Talent shows fascinate me, not necessarily for what is happening onstage, but because I can’t stop wondering about that moment when the dad said “Hey, we should start a family hip-hop troupe!” and the rest of the family immediately responded with a resounding “YES!” and then “Let’s ask grandpa and grandma to join!”
Then it was “I’ll buy turquoise satin material to make our matching outfits!” and “I’ll reserve practice space at the Y!” and “I’ll start creating choreography to ‘Getting’ Jiggy Wit It!’”
I have a hard time getting our entire family into the van to leave for a family vacation.
I’m certain they would be less than enthused about me repeatedly correcting their jazz hands technique as part of my dope choreography for our family routine to “Boom Boom Pow” by the Black-Eyed Peas.
I do, however, regularly threaten my family with this kind of public performance, in which we would all take up amateur bodybuilding, or stage our solo interpretive dance of Rochester’s early history, or present a jump rope routine in which our dog Scout and I would stand face to face (she on her hind legs, her front paws on my shoulders) and execute double unders to “Jump” by Kris Kross.
If we were ever going to do it, I know where we’d want to perform. Because if you’re ever considering taking part in—or watching—a talent show, nothing is more moving than seeing locals give their time and talent to the Eagles Cancer Telethon.

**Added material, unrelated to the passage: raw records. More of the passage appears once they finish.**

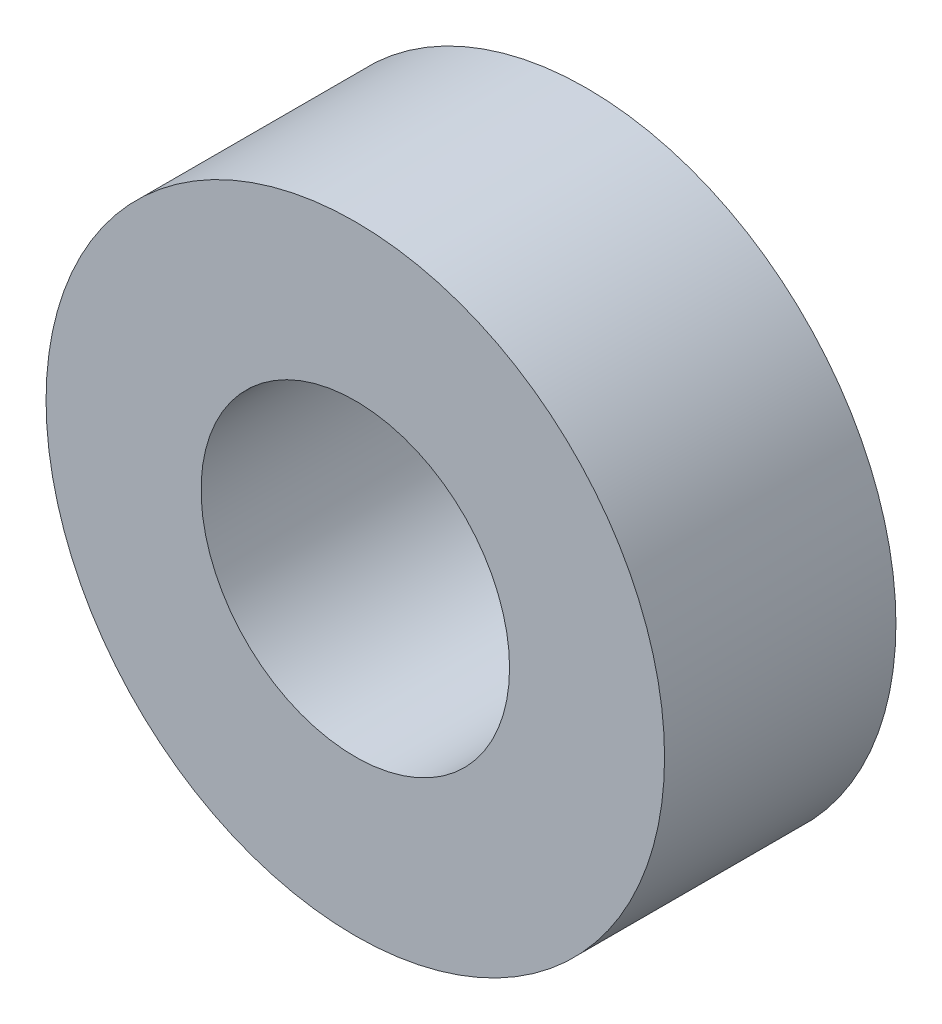
SolidWorks part; units mm, degrees
material "Tin Bearing Bronze"
ref_plane "Front Plane" through (0, 0, 0) normal (0, 0, 1) x (1, 0, 0)
ref_plane "Top Plane" through (0, 0, 0) normal (0, 1, 0) x (1, 0, 0)
ref_plane "Right Plane" through (0, 0, 0) normal (1, 0, 0) x (0, 0, -1)
sketch "Sketch1" plane through (0, 0, 0) normal (0, 0, 1) x (1, 0, 0)
  circle A0 centre (0, 0) radius 4.01
  circle A1 centre (0, 0) radius 2
  dimension "D1" = 8.02
  dimension "ID" = 4
extrude "Extrude1" add sketch "Sketch1" along normal mid plane 3
sketch "Sketch2" plane through (0, 0, 0) normal (1, 0, 0) x (0, 0, -1)
  line L0 (-1.5, -2) -> (1.5, -2) construction
  line L3 (1.5, 2) -> (-1.5, 2) construction
  line L5 (-1.5, -2) -> (1.5, -2)
  line L6 (1.5, 2) -> (-1.5, 2)
sketch "Sketch4" plane through (0, 0, 1.5) normal (0, 0, 1) x (1, 0, 0)
  line L0 (0, 0) -> (-1.4142, 1.4142)
  line L1 (0, -55) -> (0, 55) construction
  circle A0 centre (0, 0) radius 2 construction
  dimension "D1" = 45
ref_axis "Center Axis 1" through (0, 0, -22) along (0, 0, 1)
ref_plane "Contaxt Plane 1" through (0, 0, 1.5) normal (0, 0, 1) x (1, 0, 0)
ref_plane "Contact Plane 2" through (0, 0, -1.5) normal (0, 0, -1) x (-1, 0, 0)
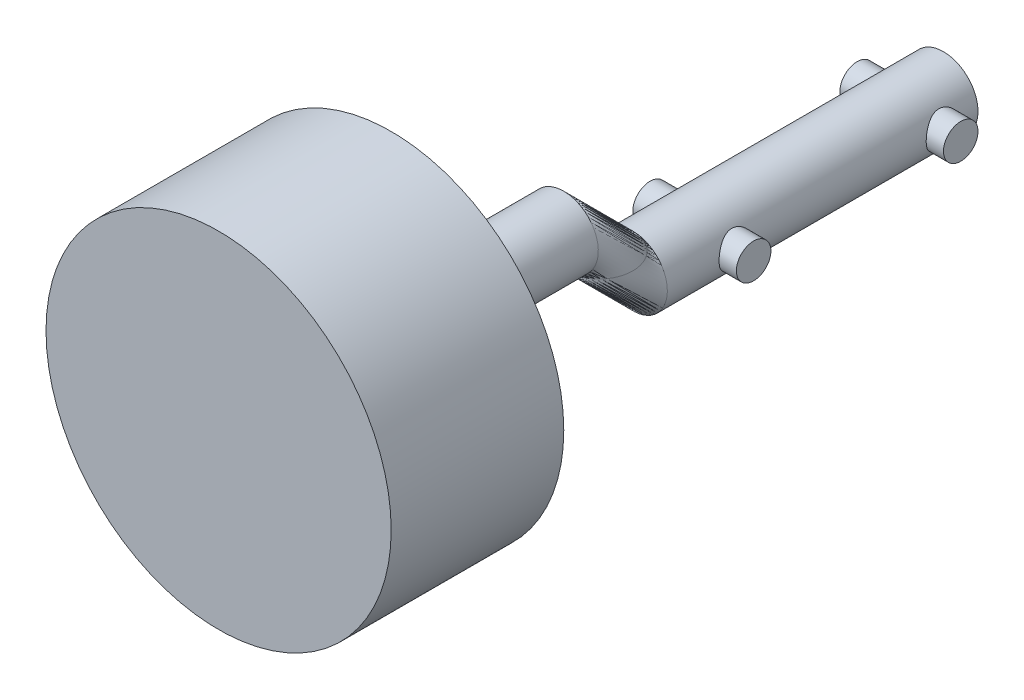
SolidWorks part; units mm, degrees
material "Acier non allié"
ref_plane "Plan de face" through (0, 0, 0) normal (0, 0, 1) x (1, 0, 0)
ref_plane "Plan de dessus" through (0, 0, 0) normal (0, 1, 0) x (1, 0, 0)
ref_plane "Plan de droite" through (0, 0, 0) normal (1, 0, 0) x (0, 0, -1)
sketch "Esquisse1" plane through (0, 0, 0) normal (0, 0, 1) x (1, 0, 0)
  circle A0 centre (0, 0) radius 10
  dimension "D1" = 20
extrude "Boss.-Extru.1" add sketch "Esquisse1" along normal blind 10
sketch "Esquisse2" plane through (0, 0, 0) normal (0, 0, -1) x (-1, 0, 0)
  circle A0 centre (0, 0) radius 2
  dimension "D1" = 4
sketch "Esquisse3" plane through (0, 0, 0) normal (1, 0, 0) x (0, 0, -1)
  line L0 (0, 0) -> (10, 0)
  line L1 (14, -4) -> (32, -4)
  line L2 (10, -2) -> (21.167, -2) construction
  arc A0 (10, 0) -> (12, -2) centre (10, -2) cw
  arc A1 (12, -2) -> (14, -4) centre (14, -2) ccw
  dimension "D2" = 2
  dimension "D3" = 2
  dimension "D1" = 10
  dimension "D4" = 18
sweep "Balayage1" add profiles "Esquisse2" path "Esquisse3"
sketch "Esquisse4" plane through (0, 0, 0) normal (1, 0, 0) x (0, 0, -1)
  line L0 (12.7428, -4) -> (30.7185, -4) construction
  line L1 (32, -6) -> (32, -2) construction
  circle A0 centre (18, -4) radius 1
  circle A1 centre (30, -4) radius 1
  dimension "D1" = 2
  dimension "D2" = 2
  dimension "D3" = 4
  dimension "D4" = 12
  dimension "D5" = 2
extrude "Boss.-Extru.2" add sketch "Esquisse4" along normal blind 3 and the other way blind 3

From 8 p.m. on Saturday Jan. 14 until 4 p.m. on Sunday Jan. 15, more than 100 talent show acts will perform for 20 straight hours in front of Mayo Civic Center crowds ranging from a packed house to, at 5 a.m., mostly camera operators and volunteers and KTTC personalities. Anyone can show up, for free, and watch.
So it’s gone for 63 years. In that first year, 1954, the telethon raised just over $10,000. Last year, it brought in more than $1 million, much of that from things like kids’ lemonade stands or senior living home penny drives or the brother who took donations from high school classmates to shave his head in honor of his sister with cancer.
The telethon acts consist of everything from Elvis impersonators to jugglers to yodelers to tap-dancing grandmothers to that family who decided to start that hip-hop troupe.
And the phone-in donations, I’m sure, pour in when those performers get the chance, on live TV, to explain the motivation behind their performance. Because that’s the moment you’ll understand why, when that dad said “Hey, we should start a family hip-hop troupe!” that his family responded with a resounding “YES!”
They’re here, they’ll tell you, because they lost a little brother to cancer. Or because their favorite teacher lost all her hair to chemo and she’s been gone from school a lot. Or because their infant—their little baby boy—survived cancer because of research funded from events like this.
You realize that those hours spent hip-hop dancing in that basement were about something bigger.
And while I joke about auditioning as a family act, daughter Hadley, now 18, has spent the last five years actually auditioning. Anyone who has attended one of these tryouts, held in November at the Eagles Club, knows that just having the nerve to audition is an accomplishment in itself. Those auditioners—that 9-year-old girl standing up there singing “American Girl,” or that granny act tap dancing in costume, in front of a crowd of judges and performers competing for the same slots—are as cool and courageous as it gets.
For her first two years, like a lot of acts, Hadley did not receive that precious “yes” email. She kept trying, though, if only because she wanted to get the chance to say, right there on TV, that she was doing this for my mom, her grandma, who died of cancer 20 years before Hadley was even born.
On year three, Hadley finally got that “yes” email. And, even though she got that 5 a.m slot, she felt like a star. That year, Hadley played ukulele and sang “Riptide” and the camera cut to my wife Lindy for what seemed like an inordinate amount of time, most likely because she was the only person in the audience. It didn’t matter, because Hadley got the chance to tell everyone why she was there.
Last year, Hadley scored an 8 p.m. Saturday night slot and played ukulele and sang A-ha’s “Take On Me” and the Beach Boys’ “In My Room.” Most importantly, though, when KTTC’s Robin Wolfram asked Hadley why she had tried out, Hadley told the story about her aunt, my brother’s wife Tammi, who died of brain cancer at age 51. My brother and his kids, I know, were watching over a live stream back home in Michigan.
This year, daughter Emma was that 9-year-old girl standing up there—at those auditions—singing Tom Petty’s “American Girl.” She had spent hours in Hadley’s room, practicing with Hadley playing piano.
I heard “American Girl” more times in November than Tom Petty did during his last tour.
Emma didn’t get that precious “yes” email this year, though she had fun spending time practicing with her older sister and trying out.
Hadley did get into the telethon. So, sometime after noon on Sunday, she will stand up on that stage and play ukulele and sing her own version of “Come Sail Away” by Styx.
And, if they ask her, she’ll get a chance to tell everyone watching about my mom, or her Aunt Tammi, or one of the other people that she and all the other performers and volunteers are really doing this for.